Livre des Actes des Apôtres (4, 32-35)


La multitude de ceux qui étaient devenus croyants avait un seul cœur et une seule âme ; et personne ne disait que ses biens lui appartenaient en propre, mais ils avaient tout en commun. C’est avec une grande puissance que les Apôtres rendaient témoignage de la résurrection du Seigneur Jésus, et une grâce abondante reposait sur eux tous. Aucun d’entre eux n’était dans l’indigence, car tous ceux qui étaient propriétaires de domaines ou de maisons les vendaient, et ils apportaient le montant de la vente pour le déposer aux pieds des Apôtres ; puis on le distribuait en fonction des besoins de chacun.


Première lettre de saint Jean (5, 1-6)


Bien-aimés, celui qui croit que Jésus est le Christ, celui-là est né de Dieu ; celui qui aime le Père qui a engendré aime aussi le Fils qui est né de lui. Voici comment nous reconnaissons que nous aimons les enfants de Dieu : lorsque nous aimons Dieu et que nous accomplissons ses commandements. Car tel est l’amour de Dieu : garder ses commandements ; et ses commandements ne sont pas un fardeau, puisque tout être qui est né de Dieu est vainqueur du monde. Or la victoire remportée sur le monde, c’est notre foi. Qui donc est vainqueur du monde ? N’est-ce pas celui qui croit que Jésus est le Fils de Dieu ?C’est lui, Jésus Christ, qui est venu par l’eau et par le sang : non pas seulement avec l’eau, mais avec l’eau et avec le sang. Et celui qui rend témoignage, c’est l’Esprit, car l’Esprit est la vérité.


Évangile de Jésus Christ selon saint Jean (20,19 – 31)


C’était après la mort de Jésus. Le soir venu, en ce premier jour de la semaine, alors que les portes du lieu où se trouvaient les disciples étaient verrouillées par crainte des Juifs, Jésus vint, et il était là au milieu d’eux. Il leur dit : « La paix soit avec vous ! » Après cette parole, il leur montra ses mains et son côté. Les disciples furent remplis de joie en voyant le Seigneur. Jésus leur dit de nouveau : « La paix soit avec vous ! De même que le Père m’a envoyé, moi aussi, je vous envoie. » Ayant ainsi parlé, il souffla sur eux et il leur dit : « Recevez l’Esprit Saint. À qui vous remettrez ses péchés, ils seront remis ; à qui vous maintiendrez ses péchés, ils seront maintenus. »
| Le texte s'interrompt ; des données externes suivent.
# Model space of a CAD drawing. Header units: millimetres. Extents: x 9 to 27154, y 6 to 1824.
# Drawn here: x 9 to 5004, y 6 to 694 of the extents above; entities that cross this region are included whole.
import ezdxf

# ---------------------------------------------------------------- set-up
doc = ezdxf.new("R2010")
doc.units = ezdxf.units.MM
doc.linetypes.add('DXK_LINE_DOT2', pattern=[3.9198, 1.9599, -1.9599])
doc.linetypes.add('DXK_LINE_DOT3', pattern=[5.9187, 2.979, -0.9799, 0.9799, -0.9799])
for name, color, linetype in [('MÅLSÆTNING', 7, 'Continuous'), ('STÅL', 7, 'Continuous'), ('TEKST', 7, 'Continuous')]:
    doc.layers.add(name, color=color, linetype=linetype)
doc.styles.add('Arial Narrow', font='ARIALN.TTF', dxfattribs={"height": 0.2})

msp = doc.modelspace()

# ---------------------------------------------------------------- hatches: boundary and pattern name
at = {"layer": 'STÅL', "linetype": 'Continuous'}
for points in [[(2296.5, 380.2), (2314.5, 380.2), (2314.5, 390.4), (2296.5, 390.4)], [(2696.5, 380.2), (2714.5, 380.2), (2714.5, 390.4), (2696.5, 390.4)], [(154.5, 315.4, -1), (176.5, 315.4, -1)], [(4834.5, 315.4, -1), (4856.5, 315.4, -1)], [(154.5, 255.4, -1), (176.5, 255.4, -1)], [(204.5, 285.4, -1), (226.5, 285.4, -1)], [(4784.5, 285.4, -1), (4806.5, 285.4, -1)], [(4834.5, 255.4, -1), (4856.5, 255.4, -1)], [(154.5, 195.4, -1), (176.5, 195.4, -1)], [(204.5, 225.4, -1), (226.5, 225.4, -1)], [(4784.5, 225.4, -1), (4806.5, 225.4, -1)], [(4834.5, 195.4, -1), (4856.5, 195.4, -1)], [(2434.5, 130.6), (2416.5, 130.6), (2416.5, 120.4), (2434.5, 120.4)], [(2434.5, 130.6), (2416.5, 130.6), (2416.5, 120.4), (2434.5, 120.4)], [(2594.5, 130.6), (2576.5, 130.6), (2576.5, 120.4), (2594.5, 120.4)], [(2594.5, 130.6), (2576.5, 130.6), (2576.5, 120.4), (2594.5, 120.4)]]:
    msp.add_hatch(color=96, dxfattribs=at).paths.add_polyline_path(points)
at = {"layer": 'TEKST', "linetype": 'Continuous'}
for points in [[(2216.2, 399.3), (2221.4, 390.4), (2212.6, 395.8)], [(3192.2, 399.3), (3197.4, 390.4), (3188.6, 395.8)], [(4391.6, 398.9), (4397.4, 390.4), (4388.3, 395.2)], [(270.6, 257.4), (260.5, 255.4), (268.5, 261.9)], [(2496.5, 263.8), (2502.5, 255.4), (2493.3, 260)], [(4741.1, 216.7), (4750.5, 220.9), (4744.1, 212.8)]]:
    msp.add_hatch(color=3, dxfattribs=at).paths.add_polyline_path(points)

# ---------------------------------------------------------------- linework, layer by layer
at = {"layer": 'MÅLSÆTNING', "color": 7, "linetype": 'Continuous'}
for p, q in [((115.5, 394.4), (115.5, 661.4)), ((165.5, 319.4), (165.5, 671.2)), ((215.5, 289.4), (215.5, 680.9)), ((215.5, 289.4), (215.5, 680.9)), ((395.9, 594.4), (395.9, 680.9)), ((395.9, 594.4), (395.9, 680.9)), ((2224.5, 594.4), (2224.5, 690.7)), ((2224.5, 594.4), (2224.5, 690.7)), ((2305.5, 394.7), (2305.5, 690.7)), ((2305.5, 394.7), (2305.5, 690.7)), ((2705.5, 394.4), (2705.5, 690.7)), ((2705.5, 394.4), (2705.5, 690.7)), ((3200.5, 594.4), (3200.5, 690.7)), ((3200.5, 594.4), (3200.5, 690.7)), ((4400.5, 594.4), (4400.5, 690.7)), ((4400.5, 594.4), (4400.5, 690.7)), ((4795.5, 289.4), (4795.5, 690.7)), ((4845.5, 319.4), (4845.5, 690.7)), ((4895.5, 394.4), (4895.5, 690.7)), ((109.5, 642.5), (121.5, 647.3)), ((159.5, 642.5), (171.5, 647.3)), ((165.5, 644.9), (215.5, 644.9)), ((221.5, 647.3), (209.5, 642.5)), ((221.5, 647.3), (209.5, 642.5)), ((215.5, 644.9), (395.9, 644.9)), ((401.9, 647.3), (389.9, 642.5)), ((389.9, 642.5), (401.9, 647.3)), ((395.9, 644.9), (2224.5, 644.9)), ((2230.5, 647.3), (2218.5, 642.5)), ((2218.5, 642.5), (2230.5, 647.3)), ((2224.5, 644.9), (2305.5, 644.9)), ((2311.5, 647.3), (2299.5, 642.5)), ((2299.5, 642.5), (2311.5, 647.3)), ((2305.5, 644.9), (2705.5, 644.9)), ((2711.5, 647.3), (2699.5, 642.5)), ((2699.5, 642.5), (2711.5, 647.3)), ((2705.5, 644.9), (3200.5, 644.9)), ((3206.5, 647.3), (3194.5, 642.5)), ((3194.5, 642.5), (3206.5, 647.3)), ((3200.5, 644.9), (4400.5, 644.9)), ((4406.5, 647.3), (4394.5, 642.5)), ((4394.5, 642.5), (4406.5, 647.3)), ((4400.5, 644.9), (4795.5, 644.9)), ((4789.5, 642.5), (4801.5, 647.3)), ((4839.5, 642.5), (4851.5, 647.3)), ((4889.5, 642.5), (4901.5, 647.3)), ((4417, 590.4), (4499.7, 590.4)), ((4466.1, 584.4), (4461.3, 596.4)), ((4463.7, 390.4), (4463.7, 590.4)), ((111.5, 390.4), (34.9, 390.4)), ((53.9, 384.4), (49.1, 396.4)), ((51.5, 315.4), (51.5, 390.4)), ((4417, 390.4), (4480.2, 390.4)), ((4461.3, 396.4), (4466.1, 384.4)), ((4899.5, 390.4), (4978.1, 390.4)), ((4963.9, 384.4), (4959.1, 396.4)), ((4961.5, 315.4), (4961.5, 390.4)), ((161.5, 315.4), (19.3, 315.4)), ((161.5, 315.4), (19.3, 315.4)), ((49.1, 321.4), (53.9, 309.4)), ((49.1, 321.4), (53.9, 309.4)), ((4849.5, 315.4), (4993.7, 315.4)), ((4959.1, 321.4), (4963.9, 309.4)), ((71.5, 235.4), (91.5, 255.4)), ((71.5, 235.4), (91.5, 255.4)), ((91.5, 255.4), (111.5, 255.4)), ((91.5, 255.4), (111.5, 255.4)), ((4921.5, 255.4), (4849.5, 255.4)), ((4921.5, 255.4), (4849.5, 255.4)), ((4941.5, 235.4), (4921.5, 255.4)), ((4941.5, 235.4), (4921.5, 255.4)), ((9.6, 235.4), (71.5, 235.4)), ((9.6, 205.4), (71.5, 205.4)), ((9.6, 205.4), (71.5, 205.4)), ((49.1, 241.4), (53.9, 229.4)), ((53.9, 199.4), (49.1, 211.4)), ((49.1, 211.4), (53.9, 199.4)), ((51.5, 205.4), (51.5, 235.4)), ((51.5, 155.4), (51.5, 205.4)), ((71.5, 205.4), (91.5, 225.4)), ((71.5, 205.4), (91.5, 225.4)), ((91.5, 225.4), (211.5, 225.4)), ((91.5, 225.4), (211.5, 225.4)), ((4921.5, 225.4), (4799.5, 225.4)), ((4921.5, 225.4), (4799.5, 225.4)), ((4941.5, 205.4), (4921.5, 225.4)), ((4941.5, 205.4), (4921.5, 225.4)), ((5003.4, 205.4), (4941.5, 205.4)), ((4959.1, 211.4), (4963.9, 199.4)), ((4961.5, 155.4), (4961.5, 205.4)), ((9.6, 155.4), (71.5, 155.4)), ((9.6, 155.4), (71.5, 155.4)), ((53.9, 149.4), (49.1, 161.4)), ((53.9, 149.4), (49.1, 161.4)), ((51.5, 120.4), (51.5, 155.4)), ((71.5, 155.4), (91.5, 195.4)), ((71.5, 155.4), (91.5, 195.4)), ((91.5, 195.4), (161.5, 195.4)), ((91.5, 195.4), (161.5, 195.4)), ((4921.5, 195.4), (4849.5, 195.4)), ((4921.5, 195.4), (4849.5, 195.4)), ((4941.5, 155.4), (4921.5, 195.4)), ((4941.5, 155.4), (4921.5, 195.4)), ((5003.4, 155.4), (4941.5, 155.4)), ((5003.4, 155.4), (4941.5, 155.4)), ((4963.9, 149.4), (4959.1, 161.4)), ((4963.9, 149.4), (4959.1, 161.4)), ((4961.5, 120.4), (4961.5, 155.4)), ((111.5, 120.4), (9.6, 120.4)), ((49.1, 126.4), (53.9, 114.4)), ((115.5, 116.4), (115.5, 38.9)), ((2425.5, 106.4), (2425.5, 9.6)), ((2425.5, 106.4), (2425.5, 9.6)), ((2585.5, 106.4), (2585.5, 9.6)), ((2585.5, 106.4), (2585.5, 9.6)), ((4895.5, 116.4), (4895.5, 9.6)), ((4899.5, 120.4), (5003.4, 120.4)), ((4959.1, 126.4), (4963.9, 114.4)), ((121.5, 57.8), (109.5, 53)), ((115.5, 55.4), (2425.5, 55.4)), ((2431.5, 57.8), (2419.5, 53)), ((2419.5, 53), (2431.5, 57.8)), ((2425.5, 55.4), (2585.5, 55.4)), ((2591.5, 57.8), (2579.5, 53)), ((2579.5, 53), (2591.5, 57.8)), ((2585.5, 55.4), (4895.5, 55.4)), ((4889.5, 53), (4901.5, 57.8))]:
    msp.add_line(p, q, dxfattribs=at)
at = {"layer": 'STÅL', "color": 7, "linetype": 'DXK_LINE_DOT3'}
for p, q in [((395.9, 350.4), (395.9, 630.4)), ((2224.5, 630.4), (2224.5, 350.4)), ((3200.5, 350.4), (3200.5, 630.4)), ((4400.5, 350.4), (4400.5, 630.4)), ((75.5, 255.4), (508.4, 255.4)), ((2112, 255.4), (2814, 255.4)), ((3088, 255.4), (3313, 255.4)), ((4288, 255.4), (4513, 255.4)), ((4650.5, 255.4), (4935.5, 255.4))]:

Or, l’un des Douze, Thomas, appelé Didyme (c’est-à-dire Jumeau), n’était pas avec eux quand Jésus était venu. Les autres disciples lui disaient : « Nous avons vu le Seigneur ! » Mais il leur déclara : « Si je ne vois pas dans ses mains la marque des clous, si je ne mets pas mon doigt dans la marque des clous, si je ne mets pas la main dans son côté, non, je ne croirai pas ! »

Huit jours plus tard, les disciples se trouvaient de nouveau dans la maison, et Thomas était avec eux. Jésus vient, alors que les portes étaient verrouillées, et il était là au milieu d’eux. Il dit : « La paix soit avec vous ! » Puis il dit à Thomas : « Avance ton doigt ici, et vois mes mains ; avance ta main, et mets-la dans mon côté : cesse d’être incrédule, sois croyant. » Alors Thomas lui dit : « Mon Seigneur et mon Dieu ! » Jésus lui dit : « Parce que tu m’as vu, tu crois. Heureux ceux qui croient sans avoir vu. »

Il y a encore beaucoup d’autres signes que Jésus a faits en présence des disciples et qui ne sont pas écrits dans ce livre. Mais ceux-là ont été écrits pour que vous croyiez que Jésus est le Christ, le Fils de Dieu, et pour qu’en croyant, vous ayez la vie en son nom.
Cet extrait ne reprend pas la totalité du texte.